**EXERCISE DETAILS:**
Go through the listing and pick out each line with the word "color" in it.

**DATA LISTING:**

__________________________________________________

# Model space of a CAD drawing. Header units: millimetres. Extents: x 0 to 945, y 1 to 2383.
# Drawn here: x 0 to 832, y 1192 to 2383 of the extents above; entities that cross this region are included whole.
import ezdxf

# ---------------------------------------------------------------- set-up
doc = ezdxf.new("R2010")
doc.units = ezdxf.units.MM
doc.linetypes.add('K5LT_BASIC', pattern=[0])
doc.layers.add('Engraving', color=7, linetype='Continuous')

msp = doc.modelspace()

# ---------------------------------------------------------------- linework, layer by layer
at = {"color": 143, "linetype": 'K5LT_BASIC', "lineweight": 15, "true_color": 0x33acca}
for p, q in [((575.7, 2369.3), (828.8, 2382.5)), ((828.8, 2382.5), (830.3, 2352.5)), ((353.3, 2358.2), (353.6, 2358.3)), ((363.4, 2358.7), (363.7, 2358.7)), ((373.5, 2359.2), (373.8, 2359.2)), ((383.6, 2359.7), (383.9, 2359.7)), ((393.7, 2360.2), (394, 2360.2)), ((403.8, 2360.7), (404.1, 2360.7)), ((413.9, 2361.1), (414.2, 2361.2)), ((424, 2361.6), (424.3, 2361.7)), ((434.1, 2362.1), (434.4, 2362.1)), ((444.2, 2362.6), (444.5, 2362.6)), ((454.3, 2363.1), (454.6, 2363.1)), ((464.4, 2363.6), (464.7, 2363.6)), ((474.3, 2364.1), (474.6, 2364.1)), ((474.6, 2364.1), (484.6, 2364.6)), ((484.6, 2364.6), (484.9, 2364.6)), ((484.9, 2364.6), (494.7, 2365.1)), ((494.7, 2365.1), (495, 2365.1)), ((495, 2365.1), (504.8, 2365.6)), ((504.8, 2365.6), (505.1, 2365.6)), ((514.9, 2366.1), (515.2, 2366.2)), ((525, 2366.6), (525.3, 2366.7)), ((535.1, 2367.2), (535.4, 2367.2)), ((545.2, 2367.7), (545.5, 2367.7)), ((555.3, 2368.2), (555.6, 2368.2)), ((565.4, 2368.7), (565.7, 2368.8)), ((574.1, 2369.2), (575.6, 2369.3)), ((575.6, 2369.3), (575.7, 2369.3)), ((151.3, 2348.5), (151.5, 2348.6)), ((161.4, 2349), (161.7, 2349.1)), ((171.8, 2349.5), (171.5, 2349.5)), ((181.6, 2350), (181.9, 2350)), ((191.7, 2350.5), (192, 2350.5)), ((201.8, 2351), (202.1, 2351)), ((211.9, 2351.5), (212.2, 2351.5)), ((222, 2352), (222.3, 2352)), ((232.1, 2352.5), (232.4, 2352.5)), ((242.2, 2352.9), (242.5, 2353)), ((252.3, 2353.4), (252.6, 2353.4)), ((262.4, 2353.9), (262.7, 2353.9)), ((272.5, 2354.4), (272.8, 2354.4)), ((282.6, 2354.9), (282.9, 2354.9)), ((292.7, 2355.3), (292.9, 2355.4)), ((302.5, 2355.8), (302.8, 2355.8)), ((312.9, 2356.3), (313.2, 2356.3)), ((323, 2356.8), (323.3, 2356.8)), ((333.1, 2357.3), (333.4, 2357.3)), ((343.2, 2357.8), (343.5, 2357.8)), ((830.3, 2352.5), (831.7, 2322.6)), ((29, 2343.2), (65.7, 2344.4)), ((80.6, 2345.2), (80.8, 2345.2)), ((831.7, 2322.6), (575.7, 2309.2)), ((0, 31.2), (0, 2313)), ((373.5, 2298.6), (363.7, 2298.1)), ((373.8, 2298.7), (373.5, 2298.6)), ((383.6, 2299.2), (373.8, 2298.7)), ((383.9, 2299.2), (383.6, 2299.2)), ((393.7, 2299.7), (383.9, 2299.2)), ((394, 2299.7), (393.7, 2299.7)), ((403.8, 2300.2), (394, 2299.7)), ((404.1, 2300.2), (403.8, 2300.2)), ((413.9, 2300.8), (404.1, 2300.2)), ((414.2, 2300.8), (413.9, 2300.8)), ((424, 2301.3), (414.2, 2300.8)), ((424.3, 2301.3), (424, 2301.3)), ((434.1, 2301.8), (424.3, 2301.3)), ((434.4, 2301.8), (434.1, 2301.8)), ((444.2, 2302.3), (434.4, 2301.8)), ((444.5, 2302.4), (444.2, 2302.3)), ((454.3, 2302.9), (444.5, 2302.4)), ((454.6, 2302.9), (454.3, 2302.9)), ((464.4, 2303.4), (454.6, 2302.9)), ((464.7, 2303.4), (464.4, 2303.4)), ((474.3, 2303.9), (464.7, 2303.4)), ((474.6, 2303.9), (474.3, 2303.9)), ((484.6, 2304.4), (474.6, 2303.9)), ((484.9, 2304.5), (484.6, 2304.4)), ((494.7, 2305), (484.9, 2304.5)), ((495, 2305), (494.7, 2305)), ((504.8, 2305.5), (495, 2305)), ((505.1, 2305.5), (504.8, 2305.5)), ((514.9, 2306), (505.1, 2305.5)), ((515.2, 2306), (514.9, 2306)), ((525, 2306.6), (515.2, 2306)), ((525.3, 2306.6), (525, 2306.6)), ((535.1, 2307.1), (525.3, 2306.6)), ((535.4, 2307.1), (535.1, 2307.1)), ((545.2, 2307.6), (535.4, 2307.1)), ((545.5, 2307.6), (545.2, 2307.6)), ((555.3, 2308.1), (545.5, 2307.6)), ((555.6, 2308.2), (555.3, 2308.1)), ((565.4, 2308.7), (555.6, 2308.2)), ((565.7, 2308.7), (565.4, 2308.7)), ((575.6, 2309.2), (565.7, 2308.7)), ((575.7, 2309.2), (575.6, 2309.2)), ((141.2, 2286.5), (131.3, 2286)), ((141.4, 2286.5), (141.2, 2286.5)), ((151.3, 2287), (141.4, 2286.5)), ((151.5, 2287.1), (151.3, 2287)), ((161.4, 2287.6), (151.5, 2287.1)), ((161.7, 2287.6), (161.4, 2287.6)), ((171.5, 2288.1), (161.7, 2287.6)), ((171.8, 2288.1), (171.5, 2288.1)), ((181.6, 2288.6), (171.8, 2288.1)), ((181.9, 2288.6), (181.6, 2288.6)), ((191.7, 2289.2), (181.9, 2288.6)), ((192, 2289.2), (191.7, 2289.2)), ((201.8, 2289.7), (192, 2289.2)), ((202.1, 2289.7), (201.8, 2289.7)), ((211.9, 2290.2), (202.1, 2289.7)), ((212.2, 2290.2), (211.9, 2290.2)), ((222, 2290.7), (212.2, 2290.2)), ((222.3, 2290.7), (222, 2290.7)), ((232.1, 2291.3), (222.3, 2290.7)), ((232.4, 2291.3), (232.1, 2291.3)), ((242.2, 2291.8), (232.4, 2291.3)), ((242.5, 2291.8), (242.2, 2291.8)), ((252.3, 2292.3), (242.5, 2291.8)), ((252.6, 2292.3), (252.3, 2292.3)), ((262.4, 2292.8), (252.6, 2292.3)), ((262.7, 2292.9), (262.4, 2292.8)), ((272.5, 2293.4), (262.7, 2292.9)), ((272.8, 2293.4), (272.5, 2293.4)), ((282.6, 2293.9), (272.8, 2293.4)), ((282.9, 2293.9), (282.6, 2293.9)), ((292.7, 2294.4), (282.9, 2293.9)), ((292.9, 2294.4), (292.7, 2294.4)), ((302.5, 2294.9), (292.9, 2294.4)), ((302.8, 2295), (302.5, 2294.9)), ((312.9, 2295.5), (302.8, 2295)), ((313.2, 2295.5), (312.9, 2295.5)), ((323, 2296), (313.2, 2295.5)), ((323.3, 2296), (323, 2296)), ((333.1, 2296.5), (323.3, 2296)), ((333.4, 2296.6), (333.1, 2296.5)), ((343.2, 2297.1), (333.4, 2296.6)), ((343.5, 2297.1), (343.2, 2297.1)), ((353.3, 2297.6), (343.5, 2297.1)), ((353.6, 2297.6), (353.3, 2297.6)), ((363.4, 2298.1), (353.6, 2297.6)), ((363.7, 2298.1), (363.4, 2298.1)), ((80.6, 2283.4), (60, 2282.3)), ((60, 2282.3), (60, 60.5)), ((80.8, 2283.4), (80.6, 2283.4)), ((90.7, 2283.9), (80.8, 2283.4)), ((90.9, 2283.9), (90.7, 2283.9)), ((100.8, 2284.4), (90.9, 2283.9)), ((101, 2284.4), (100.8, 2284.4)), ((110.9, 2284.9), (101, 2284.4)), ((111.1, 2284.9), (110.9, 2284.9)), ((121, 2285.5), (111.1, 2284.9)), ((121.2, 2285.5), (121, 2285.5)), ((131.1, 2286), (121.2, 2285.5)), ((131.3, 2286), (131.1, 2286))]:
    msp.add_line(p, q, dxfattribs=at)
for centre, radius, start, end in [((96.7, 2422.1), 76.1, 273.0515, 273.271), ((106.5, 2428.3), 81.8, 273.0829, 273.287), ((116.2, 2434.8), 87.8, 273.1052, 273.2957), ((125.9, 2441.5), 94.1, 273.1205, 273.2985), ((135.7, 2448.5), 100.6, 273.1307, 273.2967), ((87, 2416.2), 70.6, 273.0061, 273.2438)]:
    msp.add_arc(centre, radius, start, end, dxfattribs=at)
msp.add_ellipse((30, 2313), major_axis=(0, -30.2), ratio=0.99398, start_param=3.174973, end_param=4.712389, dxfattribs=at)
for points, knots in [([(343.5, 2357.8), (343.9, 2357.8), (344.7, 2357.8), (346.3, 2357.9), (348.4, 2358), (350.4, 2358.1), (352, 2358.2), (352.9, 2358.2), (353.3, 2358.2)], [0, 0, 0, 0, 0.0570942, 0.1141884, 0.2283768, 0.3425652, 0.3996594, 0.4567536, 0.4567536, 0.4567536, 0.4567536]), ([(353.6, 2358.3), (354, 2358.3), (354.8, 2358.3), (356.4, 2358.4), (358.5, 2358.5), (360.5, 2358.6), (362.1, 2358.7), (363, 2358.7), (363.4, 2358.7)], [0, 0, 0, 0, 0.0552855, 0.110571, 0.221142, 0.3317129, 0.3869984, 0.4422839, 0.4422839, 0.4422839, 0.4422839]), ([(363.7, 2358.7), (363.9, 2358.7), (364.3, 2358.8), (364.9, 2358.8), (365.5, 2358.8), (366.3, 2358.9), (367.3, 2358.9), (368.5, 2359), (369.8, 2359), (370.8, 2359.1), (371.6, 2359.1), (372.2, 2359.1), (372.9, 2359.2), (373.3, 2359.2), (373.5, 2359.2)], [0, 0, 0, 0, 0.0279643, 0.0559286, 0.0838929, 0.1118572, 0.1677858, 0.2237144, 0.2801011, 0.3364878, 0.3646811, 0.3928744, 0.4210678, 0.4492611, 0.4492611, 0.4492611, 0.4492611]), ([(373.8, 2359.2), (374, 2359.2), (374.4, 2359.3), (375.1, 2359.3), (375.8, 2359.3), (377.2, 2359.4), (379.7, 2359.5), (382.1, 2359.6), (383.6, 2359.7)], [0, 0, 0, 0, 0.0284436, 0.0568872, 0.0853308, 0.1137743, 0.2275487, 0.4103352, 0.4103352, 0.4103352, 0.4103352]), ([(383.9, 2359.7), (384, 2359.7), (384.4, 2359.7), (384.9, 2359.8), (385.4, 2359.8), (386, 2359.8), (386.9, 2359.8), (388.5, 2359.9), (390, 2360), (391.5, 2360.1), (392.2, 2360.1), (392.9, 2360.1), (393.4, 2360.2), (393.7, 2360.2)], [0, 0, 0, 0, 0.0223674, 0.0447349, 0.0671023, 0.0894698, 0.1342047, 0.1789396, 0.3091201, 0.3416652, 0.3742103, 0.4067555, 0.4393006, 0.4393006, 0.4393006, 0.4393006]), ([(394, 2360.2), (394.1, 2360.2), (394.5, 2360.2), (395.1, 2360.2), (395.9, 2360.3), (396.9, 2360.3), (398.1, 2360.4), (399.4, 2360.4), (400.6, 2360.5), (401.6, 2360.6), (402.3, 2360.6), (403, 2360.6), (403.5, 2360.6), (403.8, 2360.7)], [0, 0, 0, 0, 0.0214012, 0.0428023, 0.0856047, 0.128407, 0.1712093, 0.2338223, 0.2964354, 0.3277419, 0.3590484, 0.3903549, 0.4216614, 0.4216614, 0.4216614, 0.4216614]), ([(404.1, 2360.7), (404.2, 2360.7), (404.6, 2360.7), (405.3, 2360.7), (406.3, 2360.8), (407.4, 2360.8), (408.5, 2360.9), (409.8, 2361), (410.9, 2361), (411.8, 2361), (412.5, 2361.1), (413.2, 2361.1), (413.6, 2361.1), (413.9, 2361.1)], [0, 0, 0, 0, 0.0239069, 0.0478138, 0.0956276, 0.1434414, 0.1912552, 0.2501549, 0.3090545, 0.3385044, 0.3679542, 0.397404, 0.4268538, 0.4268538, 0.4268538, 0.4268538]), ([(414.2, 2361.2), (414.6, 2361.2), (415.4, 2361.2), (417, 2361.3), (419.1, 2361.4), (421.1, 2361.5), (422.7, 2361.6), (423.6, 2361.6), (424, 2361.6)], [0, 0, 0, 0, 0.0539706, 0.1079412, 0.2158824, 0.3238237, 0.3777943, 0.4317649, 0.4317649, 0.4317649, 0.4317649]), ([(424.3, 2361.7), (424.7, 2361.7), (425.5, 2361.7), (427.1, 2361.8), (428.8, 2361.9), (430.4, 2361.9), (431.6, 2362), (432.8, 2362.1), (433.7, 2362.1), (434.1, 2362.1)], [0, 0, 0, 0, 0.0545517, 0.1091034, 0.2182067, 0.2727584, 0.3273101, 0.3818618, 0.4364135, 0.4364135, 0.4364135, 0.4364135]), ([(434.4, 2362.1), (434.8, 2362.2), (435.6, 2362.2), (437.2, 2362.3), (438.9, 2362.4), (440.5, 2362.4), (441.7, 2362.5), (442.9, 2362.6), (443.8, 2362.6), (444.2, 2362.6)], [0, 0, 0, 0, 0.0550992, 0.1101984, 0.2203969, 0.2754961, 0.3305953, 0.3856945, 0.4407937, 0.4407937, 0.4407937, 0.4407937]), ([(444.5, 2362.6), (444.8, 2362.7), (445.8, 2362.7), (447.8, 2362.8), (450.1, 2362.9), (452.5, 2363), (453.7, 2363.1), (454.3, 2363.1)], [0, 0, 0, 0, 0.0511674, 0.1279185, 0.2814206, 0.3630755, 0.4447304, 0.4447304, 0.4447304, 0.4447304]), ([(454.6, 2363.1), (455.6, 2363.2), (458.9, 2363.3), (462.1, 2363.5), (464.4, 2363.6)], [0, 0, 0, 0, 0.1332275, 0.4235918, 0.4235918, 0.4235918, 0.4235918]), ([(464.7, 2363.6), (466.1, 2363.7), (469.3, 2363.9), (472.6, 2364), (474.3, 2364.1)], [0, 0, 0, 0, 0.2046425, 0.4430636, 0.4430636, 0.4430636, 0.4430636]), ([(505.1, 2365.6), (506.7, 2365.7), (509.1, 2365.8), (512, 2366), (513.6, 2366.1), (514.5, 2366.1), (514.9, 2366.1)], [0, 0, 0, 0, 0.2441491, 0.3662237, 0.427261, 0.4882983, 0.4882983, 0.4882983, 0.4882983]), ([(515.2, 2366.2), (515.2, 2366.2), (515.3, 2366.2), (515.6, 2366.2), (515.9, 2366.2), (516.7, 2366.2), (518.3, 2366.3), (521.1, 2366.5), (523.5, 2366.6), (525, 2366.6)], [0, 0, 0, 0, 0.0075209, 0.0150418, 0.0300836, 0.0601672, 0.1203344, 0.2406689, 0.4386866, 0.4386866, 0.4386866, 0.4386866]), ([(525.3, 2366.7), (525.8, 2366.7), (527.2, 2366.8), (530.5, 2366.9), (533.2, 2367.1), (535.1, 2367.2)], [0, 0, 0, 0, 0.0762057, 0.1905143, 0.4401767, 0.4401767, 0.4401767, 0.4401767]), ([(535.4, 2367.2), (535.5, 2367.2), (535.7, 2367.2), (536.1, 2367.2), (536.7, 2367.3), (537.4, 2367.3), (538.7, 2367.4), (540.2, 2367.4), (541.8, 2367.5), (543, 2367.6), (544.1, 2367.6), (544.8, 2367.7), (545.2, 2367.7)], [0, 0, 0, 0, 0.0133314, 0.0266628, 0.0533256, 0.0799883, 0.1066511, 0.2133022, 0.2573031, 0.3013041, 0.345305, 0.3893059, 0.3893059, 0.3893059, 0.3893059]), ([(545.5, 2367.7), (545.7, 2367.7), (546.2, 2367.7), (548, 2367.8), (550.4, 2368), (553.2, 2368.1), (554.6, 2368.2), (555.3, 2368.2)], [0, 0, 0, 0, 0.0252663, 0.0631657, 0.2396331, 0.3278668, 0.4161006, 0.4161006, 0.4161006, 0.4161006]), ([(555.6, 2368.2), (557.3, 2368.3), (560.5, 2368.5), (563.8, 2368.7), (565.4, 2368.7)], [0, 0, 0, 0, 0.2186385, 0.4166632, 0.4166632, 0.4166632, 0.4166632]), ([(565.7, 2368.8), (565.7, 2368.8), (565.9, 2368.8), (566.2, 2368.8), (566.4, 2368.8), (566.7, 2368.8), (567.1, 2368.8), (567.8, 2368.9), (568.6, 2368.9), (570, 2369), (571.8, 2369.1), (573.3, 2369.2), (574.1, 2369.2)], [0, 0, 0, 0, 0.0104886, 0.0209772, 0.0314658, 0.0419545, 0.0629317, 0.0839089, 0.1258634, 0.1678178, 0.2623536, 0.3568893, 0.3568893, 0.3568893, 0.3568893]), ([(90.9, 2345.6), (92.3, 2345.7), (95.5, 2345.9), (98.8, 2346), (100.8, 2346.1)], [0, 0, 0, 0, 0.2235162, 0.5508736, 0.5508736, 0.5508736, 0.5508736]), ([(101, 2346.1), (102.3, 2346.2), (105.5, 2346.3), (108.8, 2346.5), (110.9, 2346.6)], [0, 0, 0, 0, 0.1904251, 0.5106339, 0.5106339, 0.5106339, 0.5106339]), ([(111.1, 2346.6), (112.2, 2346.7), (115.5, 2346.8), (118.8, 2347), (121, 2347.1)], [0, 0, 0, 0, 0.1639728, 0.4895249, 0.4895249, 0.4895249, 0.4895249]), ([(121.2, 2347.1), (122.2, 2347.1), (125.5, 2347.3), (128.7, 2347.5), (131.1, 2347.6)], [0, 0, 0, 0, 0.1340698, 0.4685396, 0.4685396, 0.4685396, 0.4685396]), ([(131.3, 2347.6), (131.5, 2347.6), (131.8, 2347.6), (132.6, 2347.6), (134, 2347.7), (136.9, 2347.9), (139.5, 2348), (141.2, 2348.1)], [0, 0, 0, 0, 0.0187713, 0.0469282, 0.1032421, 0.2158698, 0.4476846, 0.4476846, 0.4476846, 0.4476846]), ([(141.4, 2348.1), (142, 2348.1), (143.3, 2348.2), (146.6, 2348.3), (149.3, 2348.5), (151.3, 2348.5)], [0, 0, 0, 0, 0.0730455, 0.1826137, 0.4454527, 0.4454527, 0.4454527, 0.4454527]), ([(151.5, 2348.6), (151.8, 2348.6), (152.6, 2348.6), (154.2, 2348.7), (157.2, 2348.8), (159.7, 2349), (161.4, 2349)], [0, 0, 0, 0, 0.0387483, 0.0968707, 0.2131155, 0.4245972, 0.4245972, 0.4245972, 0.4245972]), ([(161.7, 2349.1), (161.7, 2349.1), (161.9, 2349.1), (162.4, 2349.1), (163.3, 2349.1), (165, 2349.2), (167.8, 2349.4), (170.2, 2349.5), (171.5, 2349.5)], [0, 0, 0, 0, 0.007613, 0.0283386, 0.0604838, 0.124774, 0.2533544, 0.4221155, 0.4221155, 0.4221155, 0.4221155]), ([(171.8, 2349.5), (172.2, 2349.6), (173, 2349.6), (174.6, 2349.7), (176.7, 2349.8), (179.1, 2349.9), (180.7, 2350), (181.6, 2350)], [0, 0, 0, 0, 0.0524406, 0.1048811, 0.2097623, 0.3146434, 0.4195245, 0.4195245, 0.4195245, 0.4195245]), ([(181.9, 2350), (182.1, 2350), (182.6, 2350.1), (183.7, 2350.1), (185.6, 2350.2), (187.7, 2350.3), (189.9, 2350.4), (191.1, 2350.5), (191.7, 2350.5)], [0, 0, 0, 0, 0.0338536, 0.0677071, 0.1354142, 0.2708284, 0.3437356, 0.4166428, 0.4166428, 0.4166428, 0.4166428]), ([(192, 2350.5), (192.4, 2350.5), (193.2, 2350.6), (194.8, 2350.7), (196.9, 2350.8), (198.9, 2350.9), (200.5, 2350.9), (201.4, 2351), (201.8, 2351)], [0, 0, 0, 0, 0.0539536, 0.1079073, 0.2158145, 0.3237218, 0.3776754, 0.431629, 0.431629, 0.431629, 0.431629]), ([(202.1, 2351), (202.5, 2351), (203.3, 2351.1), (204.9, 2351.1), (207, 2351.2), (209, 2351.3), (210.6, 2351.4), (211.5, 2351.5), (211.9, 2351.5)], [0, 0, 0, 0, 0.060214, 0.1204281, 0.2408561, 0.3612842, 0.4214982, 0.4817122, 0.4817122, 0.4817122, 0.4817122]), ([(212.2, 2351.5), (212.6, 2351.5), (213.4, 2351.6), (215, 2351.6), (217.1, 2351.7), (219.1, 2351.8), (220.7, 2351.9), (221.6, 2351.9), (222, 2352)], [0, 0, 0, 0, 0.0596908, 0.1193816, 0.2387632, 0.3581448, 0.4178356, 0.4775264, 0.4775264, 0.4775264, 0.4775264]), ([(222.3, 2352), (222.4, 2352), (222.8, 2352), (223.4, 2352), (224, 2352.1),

__________________________________________________

**WRITTEN REPLY:**
doc.layers.add('Engraving', color=7, linetype='Continuous')
at = {"color": 143, "linetype": 'K5LT_BASIC', "lineweight": 15, "true_color": 0x33acca}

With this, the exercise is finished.